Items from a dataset
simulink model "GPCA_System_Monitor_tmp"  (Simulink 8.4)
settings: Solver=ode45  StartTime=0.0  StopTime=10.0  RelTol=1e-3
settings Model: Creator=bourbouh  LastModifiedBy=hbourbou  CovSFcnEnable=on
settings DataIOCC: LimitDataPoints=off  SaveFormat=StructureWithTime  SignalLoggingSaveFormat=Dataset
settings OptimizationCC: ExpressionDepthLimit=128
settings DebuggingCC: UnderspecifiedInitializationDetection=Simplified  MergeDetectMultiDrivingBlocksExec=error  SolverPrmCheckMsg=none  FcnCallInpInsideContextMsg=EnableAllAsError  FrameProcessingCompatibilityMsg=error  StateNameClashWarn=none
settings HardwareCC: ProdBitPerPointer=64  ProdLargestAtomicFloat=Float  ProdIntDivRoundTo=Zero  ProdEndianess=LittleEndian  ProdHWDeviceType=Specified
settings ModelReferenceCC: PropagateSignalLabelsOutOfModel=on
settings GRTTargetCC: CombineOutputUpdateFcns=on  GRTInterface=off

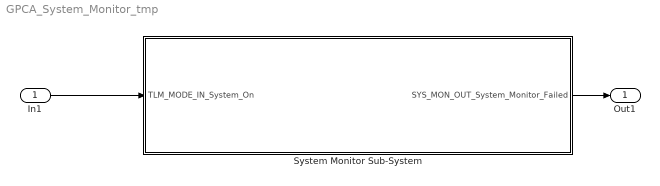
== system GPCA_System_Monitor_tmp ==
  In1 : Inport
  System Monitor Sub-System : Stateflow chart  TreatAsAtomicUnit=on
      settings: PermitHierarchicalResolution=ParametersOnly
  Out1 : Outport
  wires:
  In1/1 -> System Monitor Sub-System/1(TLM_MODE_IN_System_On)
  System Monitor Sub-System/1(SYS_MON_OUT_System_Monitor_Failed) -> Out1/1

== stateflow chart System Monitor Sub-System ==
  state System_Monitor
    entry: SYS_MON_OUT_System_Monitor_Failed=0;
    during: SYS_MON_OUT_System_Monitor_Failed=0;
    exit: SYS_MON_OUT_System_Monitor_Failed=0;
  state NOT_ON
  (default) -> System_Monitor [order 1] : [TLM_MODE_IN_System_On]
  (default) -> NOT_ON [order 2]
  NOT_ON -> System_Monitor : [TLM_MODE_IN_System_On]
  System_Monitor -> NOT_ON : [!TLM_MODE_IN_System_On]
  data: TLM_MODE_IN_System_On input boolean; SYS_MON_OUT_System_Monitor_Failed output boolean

■ Exercise objective
Could you retype the records above exactly, omitting the pictures?

■ Result of the exercise
simulink model "GPCA_System_Monitor_tmp"  (Simulink 8.4)
settings: Solver=ode45  StartTime=0.0  StopTime=10.0  RelTol=1e-3
settings Model: Creator=bourbouh  LastModifiedBy=hbourbou  CovSFcnEnable=on
settings DataIOCC: LimitDataPoints=off  SaveFormat=StructureWithTime  SignalLoggingSaveFormat=Dataset
settings OptimizationCC: ExpressionDepthLimit=128
settings DebuggingCC: UnderspecifiedInitializationDetection=Simplified  MergeDetectMultiDrivingBlocksExec=error  SolverPrmCheckMsg=none  FcnCallInpInsideContextMsg=EnableAllAsError  FrameProcessingCompatibilityMsg=error  StateNameClashWarn=none
settings HardwareCC: ProdBitPerPointer=64  ProdLargestAtomicFloat=Float  ProdIntDivRoundTo=Zero  ProdEndianess=LittleEndian  ProdHWDeviceType=Specified
settings ModelReferenceCC: PropagateSignalLabelsOutOfModel=on
settings GRTTargetCC: CombineOutputUpdateFcns=on  GRTInterface=off

== system GPCA_System_Monitor_tmp ==
  In1 : Inport
  System Monitor Sub-System : Stateflow chart  TreatAsAtomicUnit=on
      settings: PermitHierarchicalResolution=ParametersOnly
  Out1 : Outport
  wires:
  In1/1 -> System Monitor Sub-System/1(TLM_MODE_IN_System_On)
  System Monitor Sub-System/1(SYS_MON_OUT_System_Monitor_Failed) -> Out1/1

== stateflow chart System Monitor Sub-System ==
  state System_Monitor
    entry: SYS_MON_OUT_System_Monitor_Failed=0;
    during: SYS_MON_OUT_System_Monitor_Failed=0;
    exit: SYS_MON_OUT_System_Monitor_Failed=0;
  state NOT_ON
  (default) -> System_Monitor [order 1] : [TLM_MODE_IN_System_On]
  (default) -> NOT_ON [order 2]
  NOT_ON -> System_Monitor : [TLM_MODE_IN_System_On]
  System_Monitor -> NOT_ON : [!TLM_MODE_IN_System_On]
  data: TLM_MODE_IN_System_On input boolean; SYS_MON_OUT_System_Monitor_Failed output boolean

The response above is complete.